Единственной возможностью была «эмигрантская школа» при Обществе советских граждан. Меня, воспитанную в истинно советском духе, немного смущало, как это моя дочь будет сидеть за одной партой с детьми «белогвардейцев», покинувших родину. Но после мучительных раздумий я все-таки решилась на этот шаг, тем более что другого выбора не было, а школа к тому же находилась недалеко от дома – сначала в том же здании, что и клуб, а потом переехала еще ближе к Дундану, в двухэтажный особнячок рядом с Молодежным театром, которым руководила Сунь Кеин (Сунь Вэйши). Муж подсказал, что надо все-таки получить разрешение у советского консульства и, с другой стороны, обратиться в китайские инстанции – ведь Инна же китайский ребенок. Как раз в это время моя знакомая Анна Капеллер (о ней позже), жена китайского военачальника, собиралась устроить в ту же школу своего сына Мидона и решила обратиться за разрешением к старому знакомому, заместителю министра иностранных дел У Сюцюаню. Я попросила ее заодно похлопотать и за Инну. Выслушав Анну, У Сюцюань спокойно сказал:
– Хотите туда отдать? Да пожалуйста.
1 сентября 1950 года Инна пошла в школу при Обществе советских граждан, вскоре к ней и Мидону присоединились сыновья Эми Сяо – Лион и Витя.
Многое в этой школе отличалось от типизированных советских учебных заведений. Во-первых, учителя были почти все пожилыми людьми, из «бывших», и казались мне какими-то допотопными. У некоторых мужчин явно чувствовалась выправка царских офицеров.
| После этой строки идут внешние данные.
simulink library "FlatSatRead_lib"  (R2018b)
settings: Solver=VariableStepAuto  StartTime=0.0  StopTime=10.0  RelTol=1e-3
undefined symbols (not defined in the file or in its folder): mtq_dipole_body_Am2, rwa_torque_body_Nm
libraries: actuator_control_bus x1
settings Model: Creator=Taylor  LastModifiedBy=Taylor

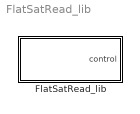
== system FlatSatRead_lib ==
  FlatSatRead_lib : Subsystem

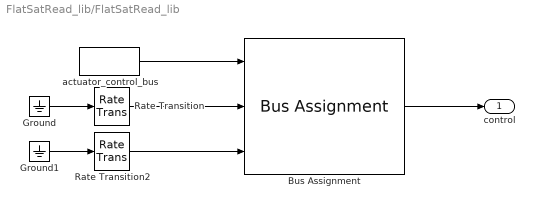
== system FlatSatRead_lib/FlatSatRead_lib ==
  Bus Assignment : BusAssignment  AssignedSignals=rwa_torque_body_Nm,mtq_dipole_body_Am2
  Ground : Ground
  Ground1 : Ground
  Rate Transition : RateTransition
  Rate Transition2 : RateTransition
  actuator_control_bus : actuator_control_bus/actuator_control_bus  SystemSampleTime=-1
  control : Outport  OutDataTypeStr=Bus: actuator_control
  wires:
  Rate Transition/1 -> Bus Assignment/2
  Ground1/1 -> Rate Transition2/1
  actuator_control_bus/1 -> Bus Assignment/1
  Rate Transition2/1 -> Bus Assignment/3
  Ground/1 -> Rate Transition/1
  Bus Assignment/1 -> control/1

Во-вторых, учебники были эмигрантского издания, видимо, перепечатанные с дореволюционных. Чтобы попасть в ногу со временем, учителям приходилось на ходу импровизировать, внося корректировки. При этом возникали курьезы.
Как-то раз моя дочка, лучше учителей знакомая с социалистической действительностью, придя из школы, спросила:
– Мама, а разве в колхозах земля продается?
– Нет, конечно. А что?
– А нам тут задачку задали: «Один колхозник продал другому землю…»
Я удивилась и, признаться, даже возмутилась – как можно вбивать детям в голову такую несуразицу! Выяснилось, что в старом задачнике было написано: «Один помещик продал другому землю».